What needs to be done
What you return must be an exact copy of the lines in the listing below between the line holding "#181=ORIENTED_EDGE('',*,*,#180,.T.);" and the line holding "#235=EDGE_LOOP('',(#234));", inclusive, and nothing more.

Material supplied
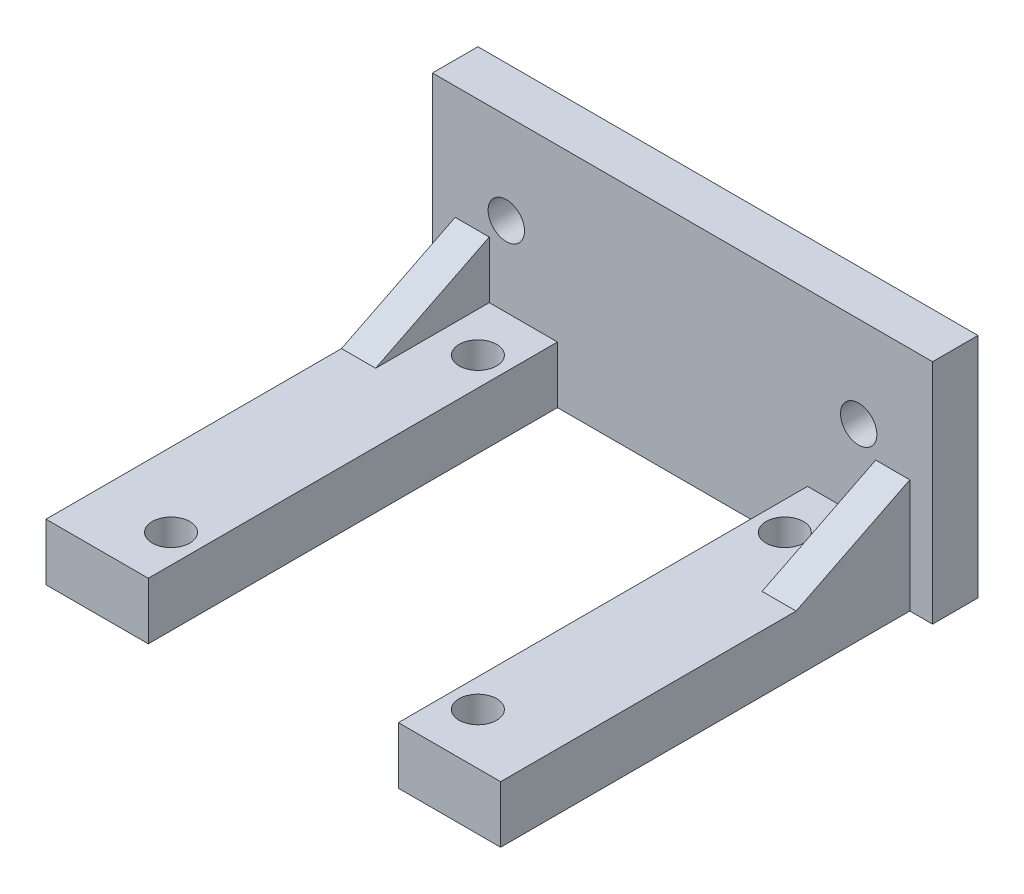
ISO-10303-21;
HEADER;
FILE_DESCRIPTION(('STEP AP214'),'2;1');
FILE_NAME('part.step','',(''),(''),'','','');
FILE_SCHEMA(('AUTOMOTIVE_DESIGN { 1 0 10303 214 1 1 1 1 }'));
ENDSEC;
DATA;
#1=APPLICATION_CONTEXT('core data for automotive mechanical design processes');
#2=APPLICATION_PROTOCOL_DEFINITION('international standard','automotive_design',2000,#1);
#3=PRODUCT_CONTEXT('',#1,'mechanical');
#4=PRODUCT('Part','Part','',(#3));
#5=PRODUCT_RELATED_PRODUCT_CATEGORY('part','',(#4));
#6=PRODUCT_DEFINITION_FORMATION('','',#4);
#7=PRODUCT_DEFINITION_CONTEXT('part definition',#1,'design');
#8=PRODUCT_DEFINITION('design','',#6,#7);
#9=PRODUCT_DEFINITION_SHAPE('','',#8);
#10=(LENGTH_UNIT() NAMED_UNIT(*) SI_UNIT(.MILLI.,.METRE.));
#11=(NAMED_UNIT(*) PLANE_ANGLE_UNIT() SI_UNIT($,.RADIAN.));
#12=(NAMED_UNIT(*) SI_UNIT($,.STERADIAN.) SOLID_ANGLE_UNIT());
#13=UNCERTAINTY_MEASURE_WITH_UNIT(LENGTH_MEASURE(1.E-05),#10,'distance_accuracy_value','');
#14=(GEOMETRIC_REPRESENTATION_CONTEXT(3) GLOBAL_UNCERTAINTY_ASSIGNED_CONTEXT((#13)) GLOBAL_UNIT_ASSIGNED_CONTEXT((#10,
#11,#12)) REPRESENTATION_CONTEXT('',''));
#15=CARTESIAN_POINT('',(0.,0.,0.));
#16=DIRECTION('',(0.,0.,1.));
#17=DIRECTION('',(1.,0.,0.));
#18=AXIS2_PLACEMENT_3D('',#15,#16,#17);
#19=CARTESIAN_POINT('',(-11.,5.,-16.));
#20=DIRECTION('',(0.,0.,-1.));
#21=DIRECTION('',(-1.,0.,0.));
#22=AXIS2_PLACEMENT_3D('',#19,#20,#21);
#23=PLANE('',#22);
#24=CARTESIAN_POINT('',(15.5,12.,-16.));
#25=DIRECTION('',(0.,0.,-1.));
#26=DIRECTION('',(-1.,0.,0.));
#27=AXIS2_PLACEMENT_3D('',#24,#25,#26);
#28=CIRCLE('',#27,1.6);
#29=CARTESIAN_POINT('',(13.9,12.,-16.));
#30=VERTEX_POINT('',#29);
#31=EDGE_CURVE('E192',#30,#30,#28,.T.);
#32=ORIENTED_EDGE('',*,*,#31,.T.);
#33=EDGE_LOOP('',(#32));
#34=FACE_BOUND('',#33,.T.);
#35=CARTESIAN_POINT('',(-15.5,12.,-16.));
#36=DIRECTION('',(0.,0.,-1.));
#37=DIRECTION('',(1.,0.,0.));
#38=AXIS2_PLACEMENT_3D('',#35,#36,#37);
#39=CIRCLE('',#38,1.6);
#40=CARTESIAN_POINT('',(-13.9,12.,-16.));
#41=VERTEX_POINT('',#40);
#42=EDGE_CURVE('E186',#41,#41,#39,.T.);
#43=ORIENTED_EDGE('',*,*,#42,.T.);
#44=EDGE_LOOP('',(#43));
#45=FACE_BOUND('',#44,.T.);
#46=DIRECTION('',(0.,-1.,0.));
#47=VECTOR('',#46,1.);
#48=CARTESIAN_POINT('',(-17.,10.,-16.));
#49=LINE('',#48,#47);
#50=CARTESIAN_POINT('',(-17.,10.,-16.));
#51=VERTEX_POINT('',#50);
#52=CARTESIAN_POINT('',(-17.,5.,-16.));
#53=VERTEX_POINT('',#52);
#54=EDGE_CURVE('E151',#51,#53,#49,.T.);
#55=ORIENTED_EDGE('',*,*,#54,.T.);
#56=DIRECTION('',(1.,0.,0.));
#57=VECTOR('',#56,1.);
#58=CARTESIAN_POINT('',(0.,5.,-16.));
#59=LINE('',#58,#57);
#60=CARTESIAN_POINT('',(-11.,5.,-16.));
#61=VERTEX_POINT('',#60);
#62=EDGE_CURVE('E233',#53,#61,#59,.T.);
#63=ORIENTED_EDGE('',*,*,#62,.T.);
#64=DIRECTION('',(0.,-1.,0.));
#65=VECTOR('',#64,1.);
#66=CARTESIAN_POINT('',(-11.,5.,-16.));
#67=LINE('',#66,#65);
#68=CARTESIAN_POINT('',(-11.,0.,-16.));
#69=VERTEX_POINT('',#68);
#70=EDGE_CURVE('E298',#61,#69,#67,.T.);
#71=ORIENTED_EDGE('',*,*,#70,.T.);
#72=DIRECTION('',(1.,0.,0.));
#73=VECTOR('',#72,1.);
#74=CARTESIAN_POINT('',(-11.,0.,-16.));
#75=LINE('',#74,#73);
#76=CARTESIAN_POINT('',(11.,0.,-16.));
#77=VERTEX_POINT('',#76);
#78=EDGE_CURVE('E290',#69,#77,#75,.T.);
#79=ORIENTED_EDGE('',*,*,#78,.T.);
#80=DIRECTION('',(0.,-1.,0.));
#81=VECTOR('',#80,1.);
#82=CARTESIAN_POINT('',(11.,5.,-16.));
#83=LINE('',#82,#81);
#84=CARTESIAN_POINT('',(11.,5.,-16.));
#85=VERTEX_POINT('',#84);
#86=EDGE_CURVE('E295',#85,#77,#83,.T.);
#87=ORIENTED_EDGE('',*,*,#86,.F.);
#88=CARTESIAN_POINT('',(17.,5.,-16.));
#89=VERTEX_POINT('',#88);
#90=EDGE_CURVE('E223',#85,#89,#59,.T.);
#91=ORIENTED_EDGE('',*,*,#90,.T.);
#92=DIRECTION('',(0.,1.,0.));
#93=VECTOR('',#92,1.);
#94=CARTESIAN_POINT('',(17.,5.,-16.));
#95=LINE('',#94,#93);
#96=CARTESIAN_POINT('',(17.,9.99999999999999,-16.));
#97=VERTEX_POINT('',#96);
#98=EDGE_CURVE('E173',#89,#97,#95,.T.);
#99=ORIENTED_EDGE('',*,*,#98,.T.);
#100=DIRECTION('',(1.,0.,0.));
#101=VECTOR('',#100,1.);
#102=CARTESIAN_POINT('',(17.,10.,-16.));
#103=LINE('',#102,#101);
#104=CARTESIAN_POINT('',(20.,10.,-16.));
#105=VERTEX_POINT('',#104);
#106=EDGE_CURVE('E179',#97,#105,#103,.T.);
#107=ORIENTED_EDGE('',*,*,#106,.T.);
#108=DIRECTION('',(0.,-1.,0.));
#109=VECTOR('',#108,1.);
#110=CARTESIAN_POINT('',(20.,5.,-16.));
#111=LINE('',#110,#109);
#112=CARTESIAN_POINT('',(20.,0.,-16.));
#113=VERTEX_POINT('',#112);
#114=EDGE_CURVE('E232',#105,#113,#111,.T.);
#115=ORIENTED_EDGE('',*,*,#114,.T.);
#116=DIRECTION('',(-1.,0.,0.));
#117=VECTOR('',#116,1.);
#118=CARTESIAN_POINT('',(22.,0.,-16.));
#119=LINE('',#118,#117);
#120=CARTESIAN_POINT('',(22.,0.,-16.));
#121=VERTEX_POINT('',#120);
#122=EDGE_CURVE('E209',#121,#113,#119,.T.);
#123=ORIENTED_EDGE('',*,*,#122,.F.);
#124=DIRECTION('',(0.,-1.,0.));
#125=VECTOR('',#124,1.);
#126=CARTESIAN_POINT('',(22.,20.,-16.));
#127=LINE('',#126,#125);
#128=CARTESIAN_POINT('',(22.,20.,-16.));
#129=VERTEX_POINT('',#128);
#130=EDGE_CURVE('E205',#129,#121,#127,.T.);
#131=ORIENTED_EDGE('',*,*,#130,.F.);
#132=DIRECTION('',(1.,0.,0.));
#133=VECTOR('',#132,1.);
#134=CARTESIAN_POINT('',(22.,20.,-16.));
#135=LINE('',#134,#133);
#136=CARTESIAN_POINT('',(-22.,20.,-16.));
#137=VERTEX_POINT('',#136);
#138=EDGE_CURVE('E201',#137,#129,#135,.T.);
#139=ORIENTED_EDGE('',*,*,#138,.F.);
#140=DIRECTION('',(0.,1.,0.));
#141=VECTOR('',#140,1.);
#142=CARTESIAN_POINT('',(-22.,20.,-16.));
#143=LINE('',#142,#141);
#144=CARTESIAN_POINT('',(-22.,0.,-16.));
#145=VERTEX_POINT('',#144);
#146=EDGE_CURVE('E198',#145,#137,#143,.T.);
#147=ORIENTED_EDGE('',*,*,#146,.F.);
#148=CARTESIAN_POINT('',(-20.,0.,-16.));
#149=VERTEX_POINT('',#148);
#150=EDGE_CURVE('E208',#149,#145,#119,.T.);
#151=ORIENTED_EDGE('',*,*,#150,.F.);
#152=DIRECTION('',(0.,1.,0.));
#153=VECTOR('',#152,1.);
#154=CARTESIAN_POINT('',(-20.,5.,-16.));
#155=LINE('',#154,#153);
#156=CARTESIAN_POINT('',(-20.,10.,-16.));
#157=VERTEX_POINT('',#156);
#158=EDGE_CURVE('E52',#149,#157,#155,.T.);
#159=ORIENTED_EDGE('',*,*,#158,.T.);
#160=DIRECTION('',(-1.,0.,0.));
#161=VECTOR('',#160,1.);
#162=CARTESIAN_POINT('',(-17.,10.,-16.));
#163=LINE('',#162,#161);
#164=EDGE_CURVE('E162',#51,#157,#163,.T.);
#165=ORIENTED_EDGE('',*,*,#164,.F.);
#166=EDGE_LOOP('',(#55,#63,#71,#79,#87,#91,#99,#107,#115,#123,#131,#139,#147,#151,#159,#165));
#167=FACE_BOUND('',#166,.T.);
#168=ADVANCED_FACE('F37',(#34,#45,#167),#23,.F.);
#169=CARTESIAN_POINT('',(0.,5.,0.));
#170=DIRECTION('',(0.,-1.,0.));
#171=DIRECTION('',(0.,0.,-1.));
#172=AXIS2_PLACEMENT_3D('',#169,#170,#171);
#173=PLANE('',#172);
#174=DIRECTION('',(0.,0.,1.));
#175=VECTOR('',#174,1.);
#176=CARTESIAN_POINT('',(-17.,5.,-16.));
#177=LINE('',#176,#175);
#178=CARTESIAN_POINT('',(-17.,5.,-6.00000000000001));
#179=VERTEX_POINT('',#178);
#180=EDGE_CURVE('E156',#53,#179,#177,.T.);
#181=ORIENTED_EDGE('',*,*,#180,.T.);
#182=DIRECTION('',(-1.,0.,0.));
#183=VECTOR('',#182,1.);
#184=CARTESIAN_POINT('',(-17.,5.,-6.00000000000001));
#185=LINE('',#184,#183);
#186=CARTESIAN_POINT('',(-20.,5.,-6.00000000000001));
#187=VERTEX_POINT('',#186);
#188=EDGE_CURVE('E164',#179,#187,#185,.T.);
#189=ORIENTED_EDGE('',*,*,#188,.T.);
#190=DIRECTION('',(0.,0.,1.));
#191=VECTOR('',#190,1.);
#192=CARTESIAN_POINT('',(-20.,5.,-20.));
#193=LINE('',#192,#191);
#194=CARTESIAN_POINT('',(-20.,5.,20.));
#195=VERTEX_POINT('',#194);
#196=EDGE_CURVE('E268',#187,#195,#193,.T.);
#197=ORIENTED_EDGE('',*,*,#196,.T.);
#198=DIRECTION('',(1.,0.,0.));
#199=VECTOR('',#198,1.);
#200=CARTESIAN_POINT('',(-20.,5.,20.));
#201=LINE('',#200,#199);
#202=CARTESIAN_POINT('',(-11.,5.,20.));
#203=VERTEX_POINT('',#202);
#204=EDGE_CURVE('E270',#195,#203,#201,.T.);
#205=ORIENTED_EDGE('',*,*,#204,.T.);
#206=DIRECTION('',(0.,0.,-1.));
#207=VECTOR('',#206,1.);
#208=CARTESIAN_POINT('',(-11.,5.,-16.));
#209=LINE('',#208,#207);
#210=EDGE_CURVE('E272',#203,#61,#209,.T.);
#211=ORIENTED_EDGE('',*,*,#210,.T.);
#212=ORIENTED_EDGE('',*,*,#62,.F.);
#213=EDGE_LOOP('',(#181,#189,#197,#205,#211,#212));
#214=FACE_BOUND('',#213,.T.);
#215=CARTESIAN_POINT('',(-13.5,5.,-11.5));
#216=DIRECTION('',(0.,1.,0.));
#217=DIRECTION('',(0.,0.,-1.));
#218=AXIS2_PLACEMENT_3D('',#215,#216,#217);
#219=CIRCLE('',#218,1.65);
#220=CARTESIAN_POINT('',(-13.5,5.,-13.15));
#221=VERTEX_POINT('',#220);
#222=EDGE_CURVE('E237',#221,#221,#219,.T.);
#223=ORIENTED_EDGE('',*,*,#222,.F.);
#224=EDGE_LOOP('',(#223));
#225=FACE_BOUND('',#224,.T.);
#226=CARTESIAN_POINT('',(-13.5,5.,15.5));
#227=DIRECTION('',(0.,1.,0.));
#228=DIRECTION('',(0.,0.,1.));
#229=AXIS2_PLACEMENT_3D('',#226,#227,#228);
#230=CIRCLE('',#229,1.65);
#231=CARTESIAN_POINT('',(-13.5,5.,17.15));
#232=VERTEX_POINT('',#231);
#233=EDGE_CURVE('E256',#232,#232,#230,.T.);
#234=ORIENTED_EDGE('',*,*,#233,.F.);
#235=EDGE_LOOP('',(#234));
#236=FACE_BOUND('',#235,.T.);
#237=ADVANCED_FACE('F325',(#214,#225,#236),#173,.F.);
#238=CARTESIAN_POINT('',(13.5,5.,-11.5));
#239=DIRECTION('',(0.,1.,0.));
#240=DIRECTION('',(0.,0.,1.));
#241=AXIS2_PLACEMENT_3D('',#238,#239,#240);
#242=CIRCLE('',#241,1.65);
#243=CARTESIAN_POINT('',(13.5,5.,-9.85));
#244=VERTEX_POINT('',#243);
#245=EDGE_CURVE('E244',#244,#244,#242,.T.);
#246=ORIENTED_EDGE('',*,*,#245,.F.);
#247=EDGE_LOOP('',(#246));
#248=FACE_BOUND('',#247,.T.);
#249=CARTESIAN_POINT('',(13.5,5.,15.5));
#250=DIRECTION('',(0.,1.,0.));
#251=DIRECTION('',(0.,0.,-1.));
#252=AXIS2_PLACEMENT_3D('',#249,#250,#251);
#253=CIRCLE('',#252,1.65);
#254=CARTESIAN_POINT('',(13.5,5.,13.85));
#255=VERTEX_POINT('',#254);
#256=EDGE_CURVE('E250',#255,#255,#253,.T.);
#257=ORIENTED_EDGE('',*,*,#256,.F.);
#258=EDGE_LOOP('',(#257));
#259=FACE_BOUND('',#258,.T.);
#260=DIRECTION('',(0.,0.,-1.));
#261=VECTOR('',#260,1.);
#262=CARTESIAN_POINT('',(20.,5.,-20.));
#263=LINE('',#262,#261);
#264=CARTESIAN_POINT('',(20.,5.,20.));
#265=VERTEX_POINT('',#264);
#266=CARTESIAN_POINT('',(20.,5.,-6.00000000000001));
#267=VERTEX_POINT('',#266);
#268=EDGE_CURVE('E265',#265,#267,#263,.T.);
#269=ORIENTED_EDGE('',*,*,#268,.T.);
#270=DIRECTION('',(1.,0.,0.));
#271=VECTOR('',#270,1.);
#272=CARTESIAN_POINT('',(17.,5.,-6.00000000000001));
#273=LINE('',#272,#271);
#274=CARTESIAN_POINT('',(17.,5.,-6.00000000000001));
#275=VERTEX_POINT('',#274);
#276=EDGE_CURVE('E60',#275,#267,#273,.T.);
#277=ORIENTED_EDGE('',*,*,#276,.F.);
#278=DIRECTION('',(0.,0.,-1.));
#279=VECTOR('',#278,1.);
#280=CARTESIAN_POINT('',(17.,5.,-6.00000000000001));
#281=LINE('',#280,#279);
#282=EDGE_CURVE('E177',#275,#89,#281,.T.);
#283=ORIENTED_EDGE('',*,*,#282,.T.);
#284=ORIENTED_EDGE('',*,*,#90,.F.);
#285=DIRECTION('',(0.,0.,1.));
#286=VECTOR('',#285,1.);
#287=CARTESIAN_POINT('',(11.,5.,-16.));
#288=LINE('',#287,#286);
#289=CARTESIAN_POINT('',(11.,5.,20.));
#290=VERTEX_POINT('',#289);
#291=EDGE_CURVE('E275',#85,#290,#288,.T.);
#292=ORIENTED_EDGE('',*,*,#291,.T.);
#293=DIRECTION('',(1.,0.,0.));
#294=VECTOR('',#293,1.);
#295=CARTESIAN_POINT('',(11.,5.,20.));
#296=LINE('',#295,#294);
#297=EDGE_CURVE('E262',#290,#265,#296,.T.);
#298=ORIENTED_EDGE('',*,*,#297,.T.);
#299=EDGE_LOOP('',(#269,#277,#283,#284,#292,#298));
#300=FACE_BOUND('',#299,.T.);
#301=ADVANCED_FACE('F336',(#248,#259,#300),#173,.F.);
#302=CARTESIAN_POINT('',(20.,5.,-20.));
#303=DIRECTION('',(-1.,0.,0.));
#304=DIRECTION('',(0.,0.,1.));
#305=AXIS2_PLACEMENT_3D('',#302,#303,#304);
#306=PLANE('',#305);
#307=ORIENTED_EDGE('',*,*,#114,.F.);
#308=DIRECTION('',(0.,-0.447213595499958,0.894427190999916));
#309=VECTOR('',#308,1.);
#310=CARTESIAN_POINT('',(20.,10.,-16.));
#311=LINE('',#310,#309);
#312=EDGE_CURVE('E168',#105,#267,#311,.T.);
#313=ORIENTED_EDGE('',*,*,#312,.T.);
#314=ORIENTED_EDGE('',*,*,#268,.F.);
#315=DIRECTION('',(0.,-1.,0.));
#316=VECTOR('',#315,1.);
#317=CARTESIAN_POINT('',(20.,5.,20.));
#318=LINE('',#317,#316);
#319=CARTESIAN_POINT('',(20.,0.,20.));
#320=VERTEX_POINT('',#319);
#321=EDGE_CURVE('E11',#265,#320,#318,.T.);
#322=ORIENTED_EDGE('',*,*,#321,.T.);
#323=DIRECTION('',(0.,0.,-1.));
#324=VECTOR('',#323,1.);
#325=CARTESIAN_POINT('',(20.,0.,-20.));
#326=LINE('',#325,#324);
#327=EDGE_CURVE('E280',#320,#113,#326,.T.);
#328=ORIENTED_EDGE('',*,*,#327,.T.);
#329=EDGE_LOOP('',(#307,#313,#314,#322,#328));
#330=FACE_BOUND('',#329,.T.);
#331=ADVANCED_FACE('F329',(#330),#306,.F.);
#332=CARTESIAN_POINT('',(-20.,5.,-20.));
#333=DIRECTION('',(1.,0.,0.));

Answer to the exercise
#181=ORIENTED_EDGE('',*,*,#180,.T.);
#182=DIRECTION('',(-1.,0.,0.));
#183=VECTOR('',#182,1.);
#184=CARTESIAN_POINT('',(-17.,5.,-6.00000000000001));
#185=LINE('',#184,#183);
#186=CARTESIAN_POINT('',(-20.,5.,-6.00000000000001));
#187=VERTEX_POINT('',#186);
#188=EDGE_CURVE('E164',#179,#187,#185,.T.);
#189=ORIENTED_EDGE('',*,*,#188,.T.);
#190=DIRECTION('',(0.,0.,1.));
#191=VECTOR('',#190,1.);
#192=CARTESIAN_POINT('',(-20.,5.,-20.));
#193=LINE('',#192,#191);
#194=CARTESIAN_POINT('',(-20.,5.,20.));
#195=VERTEX_POINT('',#194);
#196=EDGE_CURVE('E268',#187,#195,#193,.T.);
#197=ORIENTED_EDGE('',*,*,#196,.T.);
#198=DIRECTION('',(1.,0.,0.));
#199=VECTOR('',#198,1.);
#200=CARTESIAN_POINT('',(-20.,5.,20.));
#201=LINE('',#200,#199);
#202=CARTESIAN_POINT('',(-11.,5.,20.));
#203=VERTEX_POINT('',#202);
#204=EDGE_CURVE('E270',#195,#203,#201,.T.);
#205=ORIENTED_EDGE('',*,*,#204,.T.);
#206=DIRECTION('',(0.,0.,-1.));
#207=VECTOR('',#206,1.);
#208=CARTESIAN_POINT('',(-11.,5.,-16.));
#209=LINE('',#208,#207);
#210=EDGE_CURVE('E272',#203,#61,#209,.T.);
#211=ORIENTED_EDGE('',*,*,#210,.T.);
#212=ORIENTED_EDGE('',*,*,#62,.F.);
#213=EDGE_LOOP('',(#181,#189,#197,#205,#211,#212));
#214=FACE_BOUND('',#213,.T.);
#215=CARTESIAN_POINT('',(-13.5,5.,-11.5));
#216=DIRECTION('',(0.,1.,0.));
#217=DIRECTION('',(0.,0.,-1.));
#218=AXIS2_PLACEMENT_3D('',#215,#216,#217);
#219=CIRCLE('',#218,1.65);
#220=CARTESIAN_POINT('',(-13.5,5.,-13.15));
#221=VERTEX_POINT('',#220);
#222=EDGE_CURVE('E237',#221,#221,#219,.T.);
#223=ORIENTED_EDGE('',*,*,#222,.F.);
#224=EDGE_LOOP('',(#223));
#225=FACE_BOUND('',#224,.T.);
#226=CARTESIAN_POINT('',(-13.5,5.,15.5));
#227=DIRECTION('',(0.,1.,0.));
#228=DIRECTION('',(0.,0.,1.));
#229=AXIS2_PLACEMENT_3D('',#226,#227,#228);
#230=CIRCLE('',#229,1.65);
#231=CARTESIAN_POINT('',(-13.5,5.,17.15));
#232=VERTEX_POINT('',#231);
#233=EDGE_CURVE('E256',#232,#232,#230,.T.);
#234=ORIENTED_EDGE('',*,*,#233,.F.);
#235=EDGE_LOOP('',(#234));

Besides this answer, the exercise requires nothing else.